I was flabbergasted.  Then my brain kicked into action:

"Reconciliation is a two-party process, and it only works when both parties are willing"
"I'm willing, but she has to make the first move"
"Both parties need to be equally willing, or it will fail."
"I'm willing to make it work, but she has to come to me and accept some blame"
"If you're asking her to extend further than you're willing to extend yourself, then are you really equally willing?"
"I think so?"
"You're asking her to take a risk you're unwilling to take. You need her to be more willing than you are to start the reconciliation process.  For reconciliation to work, you need to make a step. If you want it, if you think it needs to happen, then make a step."
"But she won't accept responsibility for what she did, I mean, I know I'm partly responsible too, but she won't accept any responsibility, even though she's the one that pushed me to say stuff and do stuff"

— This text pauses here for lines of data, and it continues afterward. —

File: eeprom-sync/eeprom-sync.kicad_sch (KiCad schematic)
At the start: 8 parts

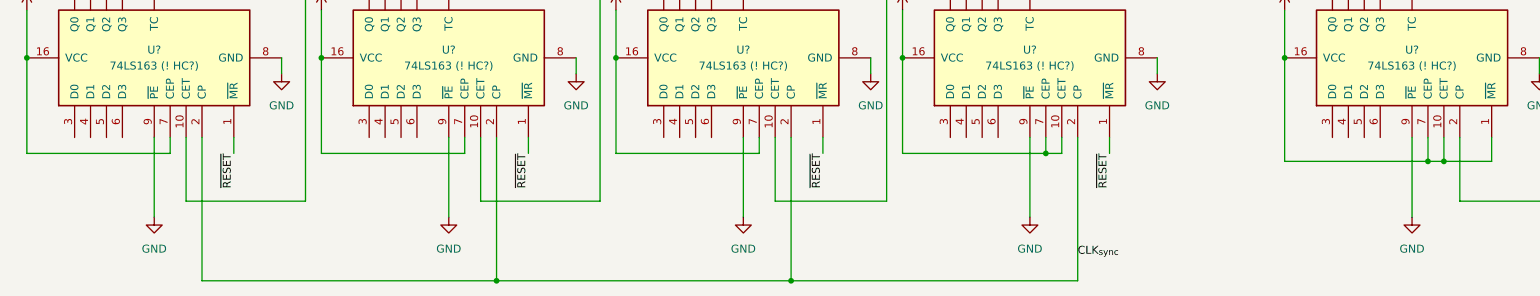
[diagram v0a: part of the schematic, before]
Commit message: fix(sync): /LOAD is active low, don't ground it
Previously, all the /LOAD pins (/PE on the diagram) were wired to ground,
but the intention was to disable the "preloading" feature entirely, which
this change accomplishes by tying them high instead.
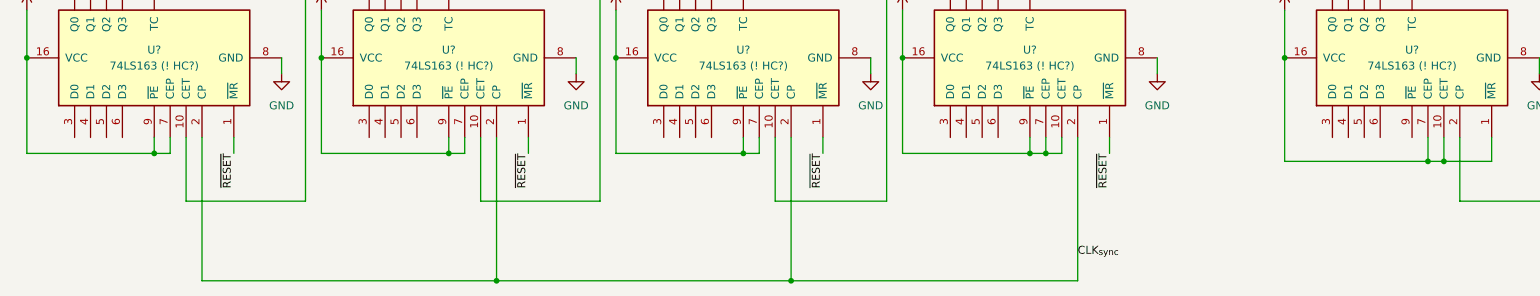
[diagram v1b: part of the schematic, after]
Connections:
- net GND: no longer U?.9 (~{PE}), U?.9 (~{PE}), U?.9 (~{PE}), U?.9 (~{PE}), U?.9 (~{PE})
- net VCC: now also U?.9 (~{PE}), U?.9 (~{PE}), U?.9 (~{PE}), U?.9 (~{PE})
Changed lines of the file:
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@@
   (junction (at 137.16 154.94) (diameter 0) (color 0 0 0 0)
   )
+  (junction (at 35.56 134.62) (diameter 0) (color 0 0 0 0)
+  )
   (junction (at 15.24 119.38) (diameter 0) (color 0 0 0 0)
   )
@@
   (junction (at 106.68 20.32) (diameter 0) (color 0 0 0 0)
   )
+  (junction (at 175.26 134.62) (diameter 0) (color 0 0 0 0)
+  )
   (junction (at 62.23 119.38) (diameter 0) (color 0 0 0 0)
   )
+  (junction (at 129.54 134.62) (diameter 0) (color 0 0 0 0)
+  )
   (junction (at 215.9 119.38) (diameter 0) (color 0 0 0 0)
   )
@@
   (junction (at 177.8 134.62) (diameter 0) (color 0 0 0 0)
   )
+  (junction (at 82.55 134.62) (diameter 0) (color 0 0 0 0)
+  )
   (junction (at 148.59 72.39) (diameter 0) (color 0 0 0 0)
   )
@@
     (stroke (width 0) (type default) (color 0 0 0 0))
   )
-  (wire (pts (xy 15.24 134.62) (xy 38.1 134.62))
+  (wire (pts (xy 15.24 134.62) (xy 35.56 134.62))
     (stroke (width 0) (type default) (color 0 0 0 0))
   )
@@
     (stroke (width 0) (type default) (color 0 0 0 0))
   )
-  (wire (pts (xy 175.26 132.08) (xy 175.26 144.78))
-    (stroke (width 0) (type default) (color 0 0 0 0))
-  )
   (bus (pts (xy 162.56 102.87) (xy 165.1 102.87))
     (stroke (width 0) (type default) (color 0 0 0 0))
@@
     (stroke (width 0) (type default) (color 0 0 0 0))
   )
+  (wire (pts (xy 175.26 132.08) (xy 175.26 134.62))
+    (stroke (width 0) (type default) (color 0 0 0 0))
+  )
   (wire (pts (xy 116.84 34.29) (xy 135.89 44.45))
     (stroke (width 0) (type default) (color 0 0 0 0))
@@
     (stroke (width 0) (type default) (color 0 0 0 0))
   )
-  (wire (pts (xy 154.94 134.62) (xy 177.8 134.62))
+  (wire (pts (xy 154.94 134.62) (xy 175.26 134.62))
     (stroke (width 0) (type default) (color 0 0 0 0))
   )
@@
     (stroke (width 0) (type default) (color 0 0 0 0))
   )
+  (wire (pts (xy 129.54 132.08) (xy 129.54 134.62))
+    (stroke (width 0) (type default) (color 0 0 0 0))
+  )
   (wire (pts (xy 15.24 111.76) (xy 15.24 119.38))
     (stroke (width 0) (type default) (color 0 0 0 0))
@@
     (stroke (width 0) (type default) (color 0 0 0 0))
   )
-  (wire (pts (xy 129.54 132.08) (xy 129.54 144.78))
-    (stroke (width 0) (type default) (color 0 0 0 0))
-  )
   (wire (pts (xy 92.71 74.93) (xy 92.71 81.28))
     (stroke (width 0) (type default) (color 0 0 0 0))
@@
     (stroke (width 0) (type default) (color 0 0 0 0))
   )
-  (wire (pts (xy 82.55 132.08) (xy 82.55 144.78))
-    (stroke (width 0) (type default) (color 0 0 0 0))
-  )
   (wire (pts (xy 116.84 39.37) (xy 135.89 49.53))
     (stroke (width 0) (type default) (color 0 0 0 0))
@@
     (stroke (width 0) (type default) (color 0 0 0 0))
   )
+  (wire (pts (xy 129.54 134.62) (xy 132.08 134.62))
+    (stroke (width 0) (type default) (color 0 0 0 0))
+  )
   (wire (pts (xy 95.25 31.75) (xy 96.52 31.75))
     (stroke (width 0) (type default) (color 0 0 0 0))
   )
+  (wire (pts (xy 175.26 134.62) (xy 177.8 134.62))
+    (stroke (width 0) (type default) (color 0 0 0 0))
+  )
   (wire (pts (xy 215.9 119.38) (xy 215.9 135.89))
     (stroke (width 0) (type default) (color 0 0 0 0))
   )
+  (wire (pts (xy 82.55 134.62) (xy 85.09 134.62))
+    (stroke (width 0) (type default) (color 0 0 0 0))
+  )
   (wire (pts (xy 74.93 105.41) (xy 74.93 106.68))
     (stroke (width 0) (type default) (color 0 0 0 0))
@@
     (stroke (width 0) (type default) (color 0 0 0 0))
   )
+  (wire (pts (xy 82.55 132.08) (xy 82.55 134.62))
+    (stroke (width 0) (type default) (color 0 0 0 0))
+  )
   (wire (pts (xy 83.82 20.32) (xy 106.68 20.32))
     (stroke (width 0) (type default) (color 0 0 0 0))
@@
     (stroke (width 0) (type default) (color 0 0 0 0))
   )
+  (wire (pts (xy 35.56 132.08) (xy 35.56 134.62))
+    (stroke (width 0) (type default) (color 0 0 0 0))
+  )
   (bus (pts (xy 92.71 57.15) (xy 92.71 54.61))
     (stroke (width 0) (type default) (color 0 0 0 0))
@@
     (stroke (width 0) (type default) (color 0 0 0 0))
   )
-  (wire (pts (xy 35.56 132.08) (xy 35.56 144.78))
-    (stroke (width 0) (type default) (color 0 0 0 0))
-  )
   (wire (pts (xy 96.52 72.39) (xy 92.71 72.39))
     (stroke (width 0) (type default) (color 0 0 0 0))
@@
     (stroke (width 0) (type default) (color 0 0 0 0))
   )
-  (wire (pts (xy 236.22 132.08) (xy 236.22 144.78))
-    (stroke (width 0) (type default) (color 0 0 0 0))
-  )
   (wire (pts (xy 116.84 36.83) (xy 135.89 46.99))
     (stroke (width 0) (type default) (color 0 0 0 0))
@@
     (stroke (width 0) (type default) (color 0 0 0 0))
   )
-  (wire (pts (xy 62.23 134.62) (xy 85.09 134.62))
+  (wire (pts (xy 62.23 134.62) (xy 82.55 134.62))
     (stroke (width 0) (type default) (color 0 0 0 0))
   )
@@
     (stroke (width 0) (type default) (color 0 0 0 0))
   )
+  (wire (pts (xy 35.56 134.62) (xy 38.1 134.62))
+    (stroke (width 0) (type default) (color 0 0 0 0))
+  )
   (bus (pts (xy 92.71 31.75) (xy 92.71 29.21))
     (stroke (width 0) (type default) (color 0 0 0 0))
@@
     (stroke (width 0) (type default) (color 0 0 0 0))
   )
-  (wire (pts (xy 109.22 134.62) (xy 132.08 134.62))
+  (wire (pts (xy 109.22 134.62) (xy 129.54 134.62))
     (stroke (width 0) (type default) (color 0 0 0 0))
   )
@@
     (pin "1")
   )
-  (symbol (lib_id "power:GND") (at 35.56 144.78 0) (unit 1)
-    (in_bom yes) (on_board yes) (fields_autoplaced)
-    (property "Reference" "#PWR?" (id 0) (at 35.56 151.13 0)
-      (effects (font (size 1.27 1.27)) hide)
-    )
-    (property "Value" "GND" (id 1) (at 35.56 149.86 0))
-    (property "Footprint" "" (id 2) (at 35.56 144.78 0)
-      (effects (font (size 1.27 1.27)) hide)
-    )
-    (property "Datasheet" "" (id 3) (at 35.56 144.78 0)
-      (effects (font (size 1.27 1.27)) hide)
-    )
-    (pin "1")
-  )
   (symbol (lib_id "power:GND") (at 55.88 121.92 0) (unit 1)
     (in_bom yes) (on_board yes) (fields_autoplaced)
@@
     (pin "1")
   )
-  (symbol (lib_id "power:GND") (at 129.54 144.78 0) (unit 1)
-    (in_bom yes) (on_board yes) (fields_autoplaced)
-    (property "Reference" "#PWR?" (id 0) (at 129.54 151.13 0)
-      (effects (font (size 1.27 1.27)) hide)
-    )
-    (property "Value" "GND" (id 1) (at 129.54 149.86 0))
-    (property "Footprint" "" (id 2) (at 129.54 144.78 0)
-      (effects (font (size 1.27 1.27)) hide)
-    )
-    (property "Datasheet" "" (id 3) (at 129.54 144.78 0)
-      (effects (font (size 1.27 1.27)) hide)
-    )
-    (pin "1")
-  )
   (symbol (lib_id "power:VCC") (at 154.94 111.76 0) (unit 1)
     (in_bom yes) (on_board yes) (fields_autoplaced)
@@
     )
     (property "Datasheet" "" (id 3) (at 106.68 20.32 0)
-      (effects (font (size 1.27 1.27)) hide)
-    )
-    (pin "1")
-  )
-  (symbol (lib_id "power:GND") (at 236.22 144.78 0) (unit 1)
-    (in_bom yes) (on_board yes) (fields_autoplaced)
-    (property "Reference" "#PWR?" (id 0) (at 236.22 151.13 0)
-      (effects (font (size 1.27 1.27)) hide)
-    )
-    (property "Value" "GND" (id 1) (at 236.22 149.86 0))
-    (property "Footprint" "" (id 2) (at 236.22 144.78 0)
-      (effects (font (size 1.27 1.27)) hide)
-    )
-    (property "Datasheet" "" (id 3) (at 236.22 144.78 0)
       (effects (font (size 1.27 1.27)) hide)
     )
@@
     (pin "1")
   )
-  (symbol (lib_id "power:GND") (at 175.26 144.78 0) (unit 1)
-    (in_bom yes) (on_board yes) (fields_autoplaced)
-    (property "Reference" "#PWR?" (id 0) (at 175.26 151.13 0)
-      (effects (font (size 1.27 1.27)) hide)
-    )
-    (property "Value" "GND" (id 1) (at 175.26 149.86 0))
-    (property "Footprint" "" (id 2) (at 175.26 144.78 0)
-      (effects (font (size 1.27 1.27)) hide)
-    )
-    (property "Datasheet" "" (id 3) (at 175.26 144.78 0)
-      (effects (font (size 1.27 1.27)) hide)
-    )
-    (pin "1")
-  )
   (symbol (lib_id "74xx:74HCT574") (at 148.59 52.07 0) (unit 1)
     (in_bom yes) (on_board yes) (fields_autoplaced)
@@
     (pin "9")
   )
-  (symbol (lib_id "power:GND") (at 82.55 144.78 0) (unit 1)
-    (in_bom yes) (on_board yes) (fields_autoplaced)
-    (property "Reference" "#PWR?" (id 0) (at 82.55 151.13 0)
-      (effects (font (size 1.27 1.27)) hide)
-    )
-    (property "Value" "GND" (id 1) (at 82.55 149.86 0))
-    (property "Footprint" "" (id 2) (at 82.55 144.78 0)
-      (effects (font (size 1.27 1.27)) hide)
-    )
-    (property "Datasheet" "" (id 3) (at 82.55 144.78 0)
-      (effects (font (size 1.27 1.27)) hide)
-    )
-    (pin "1")
-  )
   (sheet_instances
     (path "/" (page "1"))
@@
       (reference "#PWR?") (unit 1) (value "GND") (footprint "")
     )
-    (path "/93c54f3c-9322-4464-a82a-12b22182647b"
-      (reference "#PWR?") (unit 1) (value "GND") (footprint "")
-    )
     (path "/9466fadc-b23b-4a39-9815-66e768fe492b"
       (reference "#PWR?") (unit 1) (value "GND") (footprint "")
     )
-    (path "/95db3b83-1c2e-4948-99a0-7e3149a40fbc"
-      (reference "#PWR?") (unit 1) (value "GND") (footprint "")
-    )
     (path "/9ee2e8b1-1894-47b8-8f54-acf5e958ed4b"
       (reference "#PWR?") (unit 1) (value "VCC") (footprint "")
@@
       (reference "#PWR?") (unit 1) (value "VCC") (footprint "")
     )
-    (path "/a1cbfc35-fccf-4d80-8b79-6f0f7432413e"
-      (reference "#PWR?") (unit 1) (value "GND") (footprint "")
-    )
     (path "/ca4c22d6-c73c-47aa-9896-4a7fbd289d4e"
       (reference "#PWR?") (unit 1) (value "GND") (footprint "")
@@
       (reference "#PWR?") (unit 1) (value "VCC") (footprint "")
     )
-    (path "/d47f5066-515b-415c-8a8e-f5a1b610895c"
-      (reference "#PWR?") (unit 1) (value "GND") (footprint "")
-    )
-    (path "/f5c014e2-b931-413b-80c4-f984be1061d9"
-      (reference "#PWR?") (unit 1) (value "GND") (footprint "")
-    )
     (path "/344a357d-dce8-44dd-b35e-a92077988cd9"

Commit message: wip(eeprom): move ~{RESET}, update bits->pins
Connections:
- net HSync: now also U?.18 (Q1); no longer U?.19 (Q0)
- net VSync: now also U?.16 (Q3); no longer U?.18 (Q1)
- net Vis: now also U?.15 (Q4); no longer U?.17 (Q2)
- net ~{RESET}: now also U?.19 (D7), U?.9 (D7); no longer U?.12 (Q7)
- new net HVis: U?.19 (Q0)
- new net VertVis: U?.17 (Q2)
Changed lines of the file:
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@@
   (junction (at 238.76 135.89) (diameter 0) (color 0 0 0 0)
   )
+  (junction (at 116.84 46.99) (diameter 0) (color 0 0 0 0)
+  )
   (junction (at 241.3 135.89) (diameter 0) (color 0 0 0 0)
   )
@@
     (stroke (width 0) (type default) (color 0 0 0 0))
   )
+  (wire (pts (xy 173.99 49.53) (xy 173.99 50.8))
+    (stroke (width 0) (type default) (color 0 0 0 0))
+  )
   (wire (pts (xy 116.84 105.41) (xy 116.84 106.68))
     (stroke (width 0) (type default) (color 0 0 0 0))
@@
     (stroke (width 0) (type default) (color 0 0 0 0))
   )
-  (wire (pts (xy 167.64 43.18) (xy 176.53 43.18))
-    (stroke (width 0) (type default) (color 0 0 0 0))
-  )
   (wire (pts (xy 215.9 111.76) (xy 215.9 119.38))
     (stroke (width 0) (type default) (color 0 0 0 0))
@@
     (stroke (width 0) (type default) (color 0 0 0 0))
   )
+  (wire (pts (xy 172.72 54.61) (xy 179.07 54.61))
+    (stroke (width 0) (type default) (color 0 0 0 0))
+  )
   (bus (pts (xy 162.56 102.87) (xy 165.1 102.87))
     (stroke (width 0) (type default) (color 0 0 0 0))
@@
     (stroke (width 0) (type default) (color 0 0 0 0))
   )
+  (wire (pts (xy 173.99 45.72) (xy 179.07 45.72))
+    (stroke (width 0) (type default) (color 0 0 0 0))
+  )
   (bus (pts (xy 92.71 49.53) (xy 92.71 46.99))
     (stroke (width 0) (type default) (color 0 0 0 0))
@@
     (stroke (width 0) (type default) (color 0 0 0 0))
   )
+  (wire (pts (xy 161.29 52.07) (xy 172.72 52.07))
+    (stroke (width 0) (type default) (color 0 0 0 0))
+  )
   (wire (pts (xy 43.18 154.94) (xy 43.18 132.08))
     (stroke (width 0) (type default) (color 0 0 0 0))
   )
-  (wire (pts (xy 165.1 46.99) (xy 176.53 46.99))
-    (stroke (width 0) (type default) (color 0 0 0 0))
-  )
   (wire (pts (xy 90.17 132.08) (xy 90.17 154.94))
     (stroke (width 0) (type default) (color 0 0 0 0))
@@
     (stroke (width 0) (type default) (color 0 0 0 0))
   )
+  (wire (pts (xy 170.18 58.42) (xy 179.07 58.42))
+    (stroke (width 0) (type default) (color 0 0 0 0))
+  )
   (wire (pts (xy 195.58 119.38) (xy 195.58 121.92))
     (stroke (width 0) (type default) (color 0 0 0 0))
@@
     (stroke (width 0) (type default) (color 0 0 0 0))
   )
-  (wire (pts (xy 161.29 39.37) (xy 176.53 39.37))
-    (stroke (width 0) (type default) (color 0 0 0 0))
-  )
   (wire (pts (xy 92.71 81.28) (xy 106.68 81.28))
     (stroke (width 0) (type default) (color 0 0 0 0))
@@
     (stroke (width 0) (type default) (color 0 0 0 0))
   )
-  (wire (pts (xy 165.1 44.45) (xy 165.1 46.99))
-    (stroke (width 0) (type default) (color 0 0 0 0))
-  )
   (wire (pts (xy 149.86 119.38) (xy 149.86 121.92))
     (stroke (width 0) (type default) (color 0 0 0 0))
@@
     (stroke (width 0) (type default) (color 0 0 0 0))
   )
+  (wire (pts (xy 167.64 39.37) (xy 167.64 34.29))
+    (stroke (width 0) (type default) (color 0 0 0 0))
+  )
+  (wire (pts (xy 170.18 41.91) (xy 170.18 38.1))
+    (stroke (width 0) (type default) (color 0 0 0 0))
+  )
   (wire (pts (xy 77.47 105.41) (xy 77.47 106.68))
     (stroke (width 0) (type default) (color 0 0 0 0))
@@
     (stroke (width 0) (type default) (color 0 0 0 0))
   )
+  (wire (pts (xy 172.72 41.91) (xy 179.07 41.91))
+    (stroke (width 0) (type default) (color 0 0 0 0))
+  )
   (wire (pts (xy 106.68 80.01) (xy 106.68 81.28))
     (stroke (width 0) (type default) (color 0 0 0 0))
   )
+  (wire (pts (xy 173.99 50.8) (xy 179.07 50.8))
+    (stroke (width 0) (type default) (color 0 0 0 0))
+  )
+  (wire (pts (xy 161.29 54.61) (xy 170.18 54.61))
+    (stroke (width 0) (type default) (color 0 0 0 0))
+  )
   (wire (pts (xy 116.84 39.37) (xy 135.89 49.53))
     (stroke (width 0) (type default) (color 0 0 0 0))
@@
     (stroke (width 0) (type default) (color 0 0 0 0))
   )
-  (wire (pts (xy 161.29 57.15) (xy 176.53 57.15))
+  (wire (pts (xy 170.18 54.61) (xy 170.18 58.42))
     (stroke (width 0) (type default) (color 0 0 0 0))
   )
@@
     (stroke (width 0) (type default) (color 0 0 0 0))
   )
-  (wire (pts (xy 161.29 41.91) (xy 167.64 41.91))
-    (stroke (width 0) (type default) (color 0 0 0 0))
-  )
   (wire (pts (xy 116.84 31.75) (xy 135.89 41.91))
     (stroke (width 0) (type default) (color 0 0 0 0))
   )
+  (wire (pts (xy 161.29 44.45) (xy 172.72 44.45))
+    (stroke (width 0) (type default) (color 0 0 0 0))
+  )
+  (wire (pts (xy 161.29 39.37) (xy 167.64 39.37))
+    (stroke (width 0) (type default) (color 0 0 0 0))
+  )
   (wire (pts (xy 175.26 93.98) (xy 152.4 93.98))
     (stroke (width 0) (type default) (color 0 0 0 0))
@@
     (stroke (width 0) (type default) (color 0 0 0 0))
   )
+  (wire (pts (xy 161.29 41.91) (xy 170.18 41.91))
+    (stroke (width 0) (type default) (color 0 0 0 0))
+  )
   (wire (pts (xy 129.54 134.62) (xy 132.08 134.62))
     (stroke (width 0) (type default) (color 0 0 0 0))
@@
     (stroke (width 0) (type default) (color 0 0 0 0))
   )
+  (wire (pts (xy 173.99 46.99) (xy 173.99 45.72))
+    (stroke (width 0) (type default) (color 0 0 0 0))
+  )
   (wire (pts (xy 82.55 132.08) (xy 82.55 134.62))
     (stroke (width 0) (type default) (color 0 0 0 0))
@@
     (stroke (width 0) (type default) (color 0 0 0 0))
   )
-  (wire (pts (xy 161.29 44.45) (xy 165.1 44.45))
-    (stroke (width 0) (type default) (color 0 0 0 0))
-  )
   (wire (pts (xy 48.26 132.08) (xy 48.26 134.62))
     (stroke (width 0) (type default) (color 0 0 0 0))
@@
     (stroke (width 0) (type default) (color 0 0 0 0))
   )
+  (wire (pts (xy 170.18 38.1) (xy 179.07 38.1))
+    (stroke (width 0) (type default) (color 0 0 0 0))
+  )
   (bus (pts (xy 72.39 102.87) (xy 74.93 102.87))
     (stroke (width 0) (type default) (color 0 0 0 0))
@@
     (stroke (width 0) (type default) (color 0 0 0 0))
   )
+  (wire (pts (xy 161.29 49.53) (xy 173.99 49.53))
+    (stroke (width 0) (type default) (color 0 0 0 0))
+  )
   (wire (pts (xy 59.69 142.24) (xy 40.64 142.24))
     (stroke (width 0) (type default) (color 0 0 0 0))
@@
     (stroke (width 0) (type default) (color 0 0 0 0))
   )
+  (wire (pts (xy 172.72 44.45) (xy 172.72 41.91))
+    (stroke (width 0) (type default) (color 0 0 0 0))
+  )
   (wire (pts (xy 170.18 105.41) (xy 170.18 106.68))
     (stroke (width 0) (type default) (color 0 0 0 0))
@@
     (stroke (width 0) (type default) (color 0 0 0 0))
   )
+  (wire (pts (xy 116.84 72.39) (xy 123.19 72.39))
+    (stroke (width 0) (type default) (color 0 0 0 0))
+  )
   (wire (pts (xy 256.54 119.38) (xy 256.54 121.92))
     (stroke (width 0) (type default) (color 0 0 0 0))
@@
     (stroke (width 0) (type default) (color 0 0 0 0))
   )
+  (wire (pts (xy 172.72 52.07) (xy 172.72 54.61))
+    (stroke (width 0) (type default) (color 0 0 0 0))
+  )
   (wire (pts (xy 106.68 93.98) (xy 106.68 142.24))
     (stroke (width 0) (type default) (color 0 0 0 0))
   )
-  (wire (pts (xy 167.64 41.91) (xy 167.64 43.18))
-    (stroke (width 0) (type default) (color 0 0 0 0))
-  )
   (wire (pts (xy 243.84 142.24) (xy 243.84 132.08))
     (stroke (width 0) (type default) (color 0 0 0 0))
   )
+  (wire (pts (xy 167.64 34.29) (xy 179.07 34.29))
+    (stroke (width 0) (type default) (color 0 0 0 0))
+  )
+  (wire (pts (xy 161.29 46.99) (xy 173.99 46.99))
+    (stroke (width 0) (type default) (color 0 0 0 0))
+  )
   (wire (pts (xy 241.3 135.89) (xy 248.92 135.89))
     (stroke (width 0) (type default) (color 0 0 0 0))
@@
   )
   (wire (pts (xy 95.25 52.07) (xy 96.52 52.07))
+    (stroke (width 0) (type default) (color 0 0 0 0))
+  )
+  (wire (pts (xy 116.84 46.99) (xy 116.84 72.39))
     (stroke (width 0) (type default) (color 0 0 0 0))
   )
@@
     (effects (font (size 1.27 1.27)) (justify right bottom))
   )
-  (label "~{RESET}" (at 176.53 57.15 0)
+  (label "~{RESET}" (at 123.19 72.39 0)
     (effects (font (size 1.27 1.27)) (justify left bottom))
   )
@@
     (effects (font (size 1.27 1.27)) (justify right bottom))
   )
-  (global_label "Vis" (shape input) (at 176.53 46.99 0) (fields_autoplaced)
+  (global_label "Vis" (shape input) (at 179.07 50.8 0) (fields_autoplaced)
     (effects (font (size 1.27 1.27)) (justify left))
-    (property "Intersheet References" "${INTERSHEET_REFS}" (id 0) (at 181.6645 46.9106 0)
+    (property "Intersheet References" "${INTERSHEET_REFS}" (id 0) (at 184.2045 50.7206 0)
       (effects (font (size 1.27 1.27)) (justify left) hide)
     )
   )
-  (global_label "VSync" (shape input) (at 176.53 43.18 0) (fields_autoplaced)
+  (global_label "VertVis" (shape input) (at 179.07 41.91 0) (fields_autoplaced)
     (effects (font (size 1.27 1.27)) (justify left))
-    (property "Intersheet References" "${INTERSHEET_REFS}" (id 0) (at 184.4464 43.1006 0)
+    (property "Intersheet References" "${INTERSHEET_REFS}" (id 0) (at 187.8936 41.8306 0)
       (effects (font (size 1.27 1.27)) (justify left) hide)
     )
   )
-  (global_label "HSync" (shape input) (at 176.53 39.37 0) (fields_autoplaced)
+  (global_label "VSync" (shape input) (at 179.07 45.72 0) (fields_autoplaced)
     (effects (font (size 1.27 1.27)) (justify left))
-    (property "Intersheet References" "${INTERSHEET_REFS}" (id 0) (at 184.6883 39.2906 0)
+    (property "Intersheet References" "${INTERSHEET_REFS}" (id 0) (at 186.9864 45.6406 0)
       (effects (font (size 1.27 1.27)) (justify left) hide)
     )
+  )
+  (global_label "HVis" (shape input) (at 179.07 34.29 0) (fields_autoplaced)
+    (effects (font (size 1.27 1.27)) (justify left))
+    (property "Intersheet References" "${INTERSHEET_REFS}" (id 0) (at 185.535 34.2106 0)
+      (effects (font (size 1.27 1.27)) (justify left) hide)
+    )
+  )
+  (global_label "HSync" (shape input) (at 179.07 38.1 0) (fields_autoplaced)
+    (effects (font (size 1.27 1.27)) (justify left))
+    (property "Intersheet References" "${INTERSHEET_REFS}" (id 0) (at 187.2283 38.0206 0)
+      (effects (font (size 1.27 1.27)) (justify left) hide)
+    )

I gave up on the direct approach, and later in the evening, the group was talking about emotional healing.

I said:
"To be free, to be unhindered, we need to be able to let go of not only the good things, which are sometimes easy, sometimes hard, but also the bad things, the painful things, because it's only when we hold onto them, and let them colour the way we see the world, that they've really hurt us in a meaningful way."
Some discussion ensued
"And beyond that, we need to be able to let go of these things without needing someone to take responsibility for the hurt, pain, sorrow, suffering, anger, or negativity that they have caused us, because sometimes, you'll never ever get them to say it."
"Yeah, Some people just won't accept any part of a wrongdoing" (this wasn't the girl in the first section here)
"But beyond that, some people will never have the opportunity to take responsibility, or shoulder blame. There are people you'll never see again, I'm sure, who have hurt you in some way or another, and they may not even know they've hurt you, they might not care, or they might have no way to find you to tell you that they acknowledge and apologise for the pain they've caused, so you need to be able to let go, without needing them to say 'sorry'"

I know. This stuff is incredibly hard to put into practice, but if you can do it, even giving it a shot, tends to improve your day-to-day emotional attitude.

Those are small snippets of bigger conversations, but I think they help get across my take on some relationship stuff.